*To do:* From the line that contains "- moved U3 61.0 mm to (171.5, 153.2)" through the line that contains "- net Net-(U6-XTAL1): track 0.00 -> 5.17 mm", output every line of the listing below exactly and leave out all the rest.

*Data supplied:*
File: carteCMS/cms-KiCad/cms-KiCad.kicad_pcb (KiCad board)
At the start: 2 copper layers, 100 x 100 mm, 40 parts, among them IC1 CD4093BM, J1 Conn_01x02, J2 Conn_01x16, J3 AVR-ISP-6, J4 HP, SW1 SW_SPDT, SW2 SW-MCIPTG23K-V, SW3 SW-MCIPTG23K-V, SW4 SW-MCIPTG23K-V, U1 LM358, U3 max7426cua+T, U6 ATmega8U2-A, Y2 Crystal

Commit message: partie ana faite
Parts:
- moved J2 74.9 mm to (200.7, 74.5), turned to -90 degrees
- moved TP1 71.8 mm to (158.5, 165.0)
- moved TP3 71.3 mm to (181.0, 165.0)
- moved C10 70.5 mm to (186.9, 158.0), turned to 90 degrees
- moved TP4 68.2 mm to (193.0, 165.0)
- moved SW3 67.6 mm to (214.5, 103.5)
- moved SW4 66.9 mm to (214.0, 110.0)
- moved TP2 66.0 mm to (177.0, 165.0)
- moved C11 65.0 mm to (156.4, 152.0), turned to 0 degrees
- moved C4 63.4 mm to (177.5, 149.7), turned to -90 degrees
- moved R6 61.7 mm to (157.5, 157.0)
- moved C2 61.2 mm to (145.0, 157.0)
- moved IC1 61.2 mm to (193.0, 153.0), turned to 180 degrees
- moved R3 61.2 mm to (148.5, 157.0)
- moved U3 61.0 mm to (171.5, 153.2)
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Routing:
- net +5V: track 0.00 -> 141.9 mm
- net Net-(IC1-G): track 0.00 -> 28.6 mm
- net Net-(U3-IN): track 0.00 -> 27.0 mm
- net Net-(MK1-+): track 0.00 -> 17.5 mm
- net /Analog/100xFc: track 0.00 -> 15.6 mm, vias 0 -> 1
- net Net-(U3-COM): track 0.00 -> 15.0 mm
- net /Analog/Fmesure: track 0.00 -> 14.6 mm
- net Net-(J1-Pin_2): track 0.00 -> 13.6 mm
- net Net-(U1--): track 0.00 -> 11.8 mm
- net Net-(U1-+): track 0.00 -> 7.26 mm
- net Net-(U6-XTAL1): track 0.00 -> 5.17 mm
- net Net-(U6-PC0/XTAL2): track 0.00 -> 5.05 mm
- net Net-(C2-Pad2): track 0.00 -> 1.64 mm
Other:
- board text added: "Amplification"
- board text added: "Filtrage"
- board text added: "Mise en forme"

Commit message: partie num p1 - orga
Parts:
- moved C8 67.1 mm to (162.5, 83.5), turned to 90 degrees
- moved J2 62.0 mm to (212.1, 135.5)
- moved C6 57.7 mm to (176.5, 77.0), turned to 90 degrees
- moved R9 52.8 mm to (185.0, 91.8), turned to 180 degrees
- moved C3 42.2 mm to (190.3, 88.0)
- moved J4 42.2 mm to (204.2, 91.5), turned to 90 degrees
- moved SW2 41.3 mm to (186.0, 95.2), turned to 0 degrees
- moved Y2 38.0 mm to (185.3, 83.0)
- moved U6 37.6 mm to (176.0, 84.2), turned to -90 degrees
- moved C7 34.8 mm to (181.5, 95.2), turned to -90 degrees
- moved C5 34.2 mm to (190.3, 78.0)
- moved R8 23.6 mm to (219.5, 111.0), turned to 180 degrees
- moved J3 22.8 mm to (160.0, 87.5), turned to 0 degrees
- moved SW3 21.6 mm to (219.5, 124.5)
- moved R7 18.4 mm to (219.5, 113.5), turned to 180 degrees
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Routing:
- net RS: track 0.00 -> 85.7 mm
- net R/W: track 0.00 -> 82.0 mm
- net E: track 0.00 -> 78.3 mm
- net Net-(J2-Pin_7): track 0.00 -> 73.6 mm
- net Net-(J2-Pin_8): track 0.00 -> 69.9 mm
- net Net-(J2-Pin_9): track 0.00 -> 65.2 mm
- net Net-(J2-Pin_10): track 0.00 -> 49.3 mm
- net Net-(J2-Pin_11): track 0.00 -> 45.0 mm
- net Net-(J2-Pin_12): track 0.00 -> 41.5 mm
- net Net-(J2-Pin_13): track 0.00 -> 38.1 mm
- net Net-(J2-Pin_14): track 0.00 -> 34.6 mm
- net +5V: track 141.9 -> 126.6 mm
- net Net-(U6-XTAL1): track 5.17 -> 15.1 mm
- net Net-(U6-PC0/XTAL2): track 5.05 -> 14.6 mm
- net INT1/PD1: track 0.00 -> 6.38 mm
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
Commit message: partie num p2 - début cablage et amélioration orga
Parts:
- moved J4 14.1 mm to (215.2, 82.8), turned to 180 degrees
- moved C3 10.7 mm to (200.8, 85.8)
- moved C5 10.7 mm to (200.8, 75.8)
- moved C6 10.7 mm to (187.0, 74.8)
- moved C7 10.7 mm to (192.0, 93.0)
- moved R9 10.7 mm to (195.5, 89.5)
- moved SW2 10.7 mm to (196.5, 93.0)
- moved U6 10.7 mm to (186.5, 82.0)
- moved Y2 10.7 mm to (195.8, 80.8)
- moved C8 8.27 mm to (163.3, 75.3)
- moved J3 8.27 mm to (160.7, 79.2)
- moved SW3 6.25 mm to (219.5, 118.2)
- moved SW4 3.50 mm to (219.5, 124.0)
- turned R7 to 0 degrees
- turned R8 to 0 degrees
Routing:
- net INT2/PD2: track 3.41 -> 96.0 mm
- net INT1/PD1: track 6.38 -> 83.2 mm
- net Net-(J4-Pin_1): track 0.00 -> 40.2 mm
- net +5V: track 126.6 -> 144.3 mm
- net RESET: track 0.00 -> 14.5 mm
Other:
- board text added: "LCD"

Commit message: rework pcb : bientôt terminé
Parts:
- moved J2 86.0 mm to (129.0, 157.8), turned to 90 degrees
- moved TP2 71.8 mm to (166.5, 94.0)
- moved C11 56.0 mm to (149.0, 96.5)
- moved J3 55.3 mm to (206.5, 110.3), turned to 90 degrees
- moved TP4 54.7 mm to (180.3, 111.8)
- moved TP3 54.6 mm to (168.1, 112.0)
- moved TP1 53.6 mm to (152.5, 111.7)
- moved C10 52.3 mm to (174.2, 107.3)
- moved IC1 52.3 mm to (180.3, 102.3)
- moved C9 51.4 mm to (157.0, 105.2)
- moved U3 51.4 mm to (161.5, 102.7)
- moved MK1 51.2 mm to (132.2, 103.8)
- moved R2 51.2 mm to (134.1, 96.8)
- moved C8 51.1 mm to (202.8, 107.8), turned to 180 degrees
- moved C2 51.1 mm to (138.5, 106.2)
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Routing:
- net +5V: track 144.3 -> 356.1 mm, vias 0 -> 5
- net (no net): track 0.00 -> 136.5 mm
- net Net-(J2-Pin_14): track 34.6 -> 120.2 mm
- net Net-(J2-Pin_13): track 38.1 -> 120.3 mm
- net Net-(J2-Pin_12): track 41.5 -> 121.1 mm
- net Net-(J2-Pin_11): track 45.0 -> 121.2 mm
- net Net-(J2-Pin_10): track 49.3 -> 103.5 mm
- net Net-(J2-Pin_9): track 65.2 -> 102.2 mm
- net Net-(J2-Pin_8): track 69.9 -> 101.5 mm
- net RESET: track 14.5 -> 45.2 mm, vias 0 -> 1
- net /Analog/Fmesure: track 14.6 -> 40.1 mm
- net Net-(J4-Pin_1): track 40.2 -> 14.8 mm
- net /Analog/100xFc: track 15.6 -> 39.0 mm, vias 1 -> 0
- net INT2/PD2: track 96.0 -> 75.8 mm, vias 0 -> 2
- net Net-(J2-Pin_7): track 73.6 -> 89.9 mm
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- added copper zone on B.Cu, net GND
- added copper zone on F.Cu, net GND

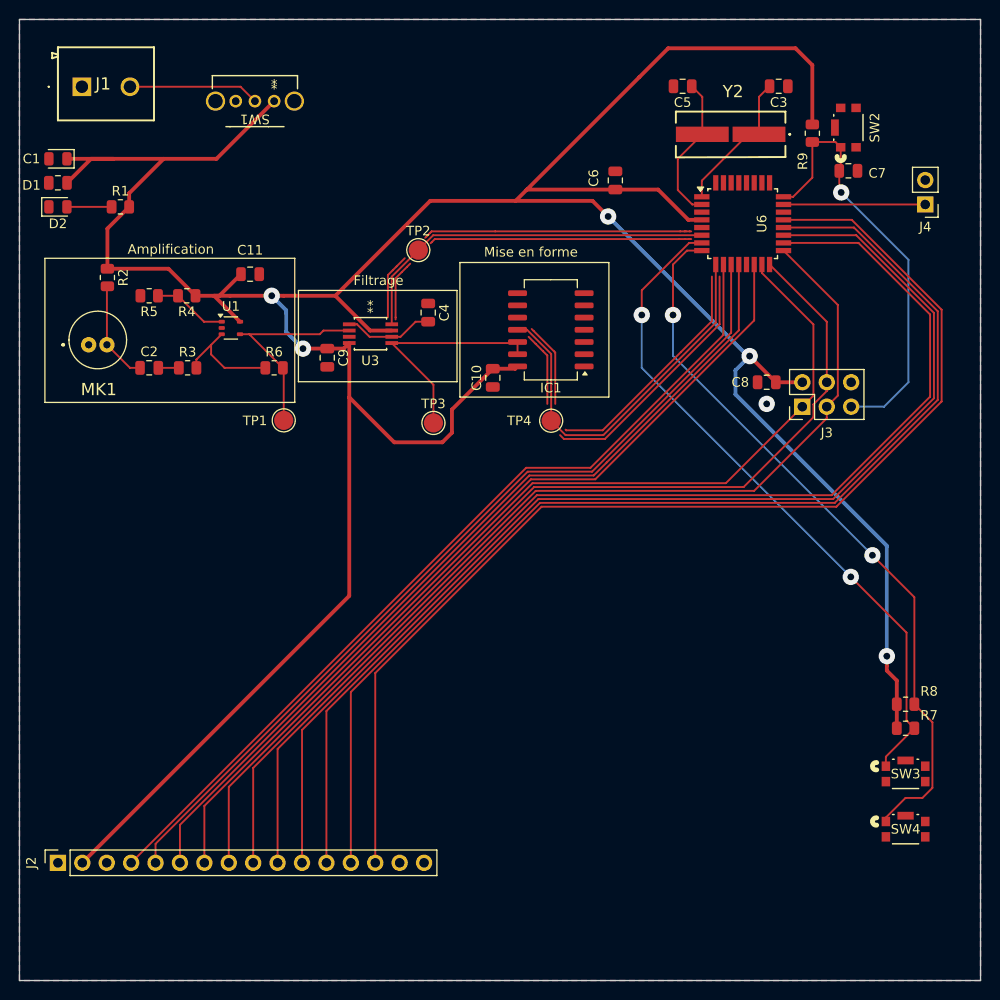
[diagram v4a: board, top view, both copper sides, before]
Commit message: projet final
schéma, routage, librairies et fichiers de fabrication
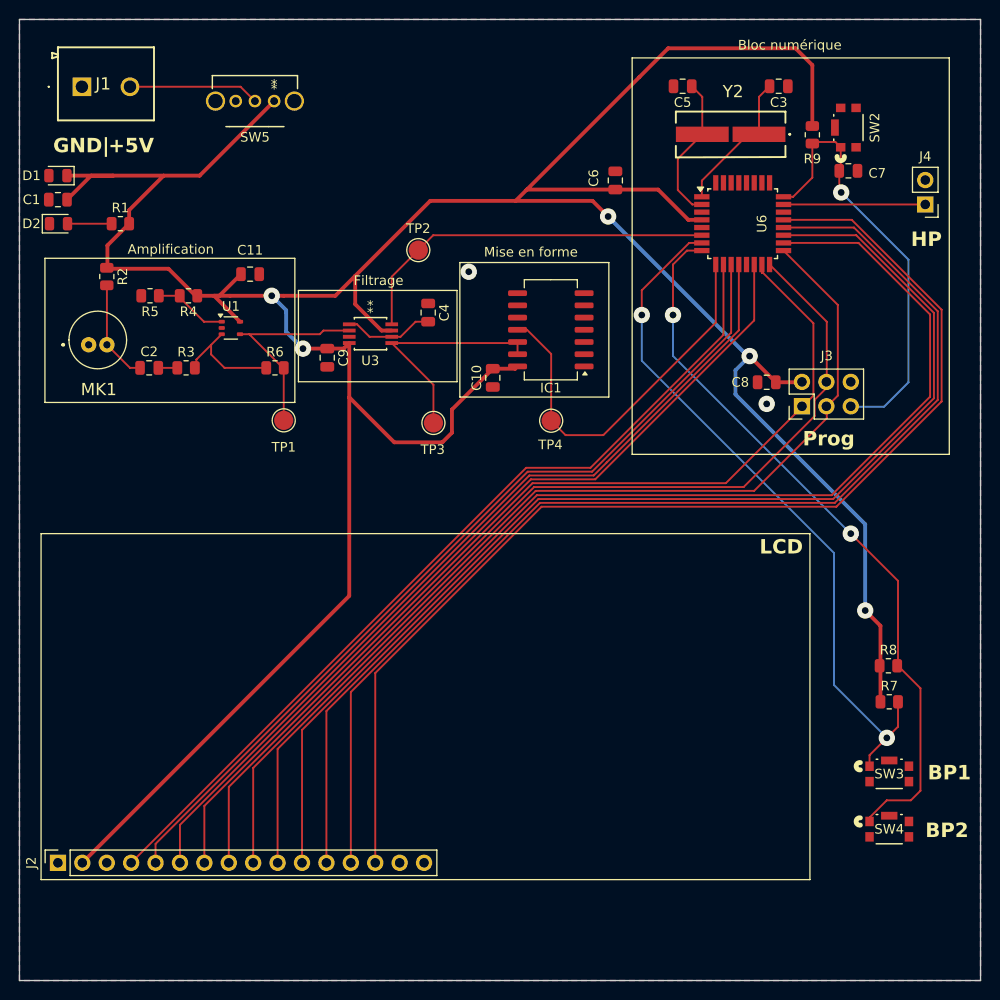
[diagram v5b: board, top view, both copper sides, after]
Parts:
- removed SW1: SW_SPDT, accordeurEmp:SWITCH_11MA1QS1
- added SW5: SW_SPDT, accordeurEmp:SWITCH_11MA1QS1, F.Cu at (151.5, 78.5)
- moved R8 4.38 mm to (215.4, 137.2)
- moved R7 3.23 mm to (215.5, 141.0)
- moved D2 1.75 mm to (129.1, 91.2)
- moved C1 1.75 mm to (129.0, 88.8)
- moved D1 1.75 mm to (129.0, 86.2)
- moved R1 1.75 mm to (135.5, 91.2)
- moved SW3 1.70 mm to (215.5, 148.5)
- moved SW4 1.70 mm to (215.5, 154.2)
- moved R4 0.18 mm to (142.6, 98.8)
- moved R9 0.16 mm to (207.5, 82.0)
- moved R3 0.16 mm to (142.3, 106.2)
- moved R2 0.12 mm to (134.1, 96.8)
- moved R5 0.09 mm to (138.6, 98.8)
- moved R6 0.09 mm to (151.6, 106.2)
- moved J3 0.06 mm to (206.4, 110.2)
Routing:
- net (no net): track 136.5 -> 0.00 mm
- net +5V: track 356.1 -> 351.7 mm
- net INT1/PD1: track 70.8 -> 73.6 mm
- net GND: vias 1 -> 2
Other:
- board text added: "+5V"
- board text added: "BP1"
- board text added: "BP2"
- board text added: "Bloc numérique"
- board text added: "GND|"
- board text added: "HP"
- board text added: "Prog"

*Solved problem:*
- moved U3 61.0 mm to (171.5, 153.2)
Routing:
- net +5V: track 0.00 -> 141.9 mm
- net Net-(IC1-G): track 0.00 -> 28.6 mm
- net Net-(U3-IN): track 0.00 -> 27.0 mm
- net Net-(MK1-+): track 0.00 -> 17.5 mm
- net /Analog/100xFc: track 0.00 -> 15.6 mm, vias 0 -> 1
- net Net-(U3-COM): track 0.00 -> 15.0 mm
- net /Analog/Fmesure: track 0.00 -> 14.6 mm
- net Net-(J1-Pin_2): track 0.00 -> 13.6 mm
- net Net-(U1--): track 0.00 -> 11.8 mm
- net Net-(U1-+): track 0.00 -> 7.26 mm
- net Net-(U6-XTAL1): track 0.00 -> 5.17 mm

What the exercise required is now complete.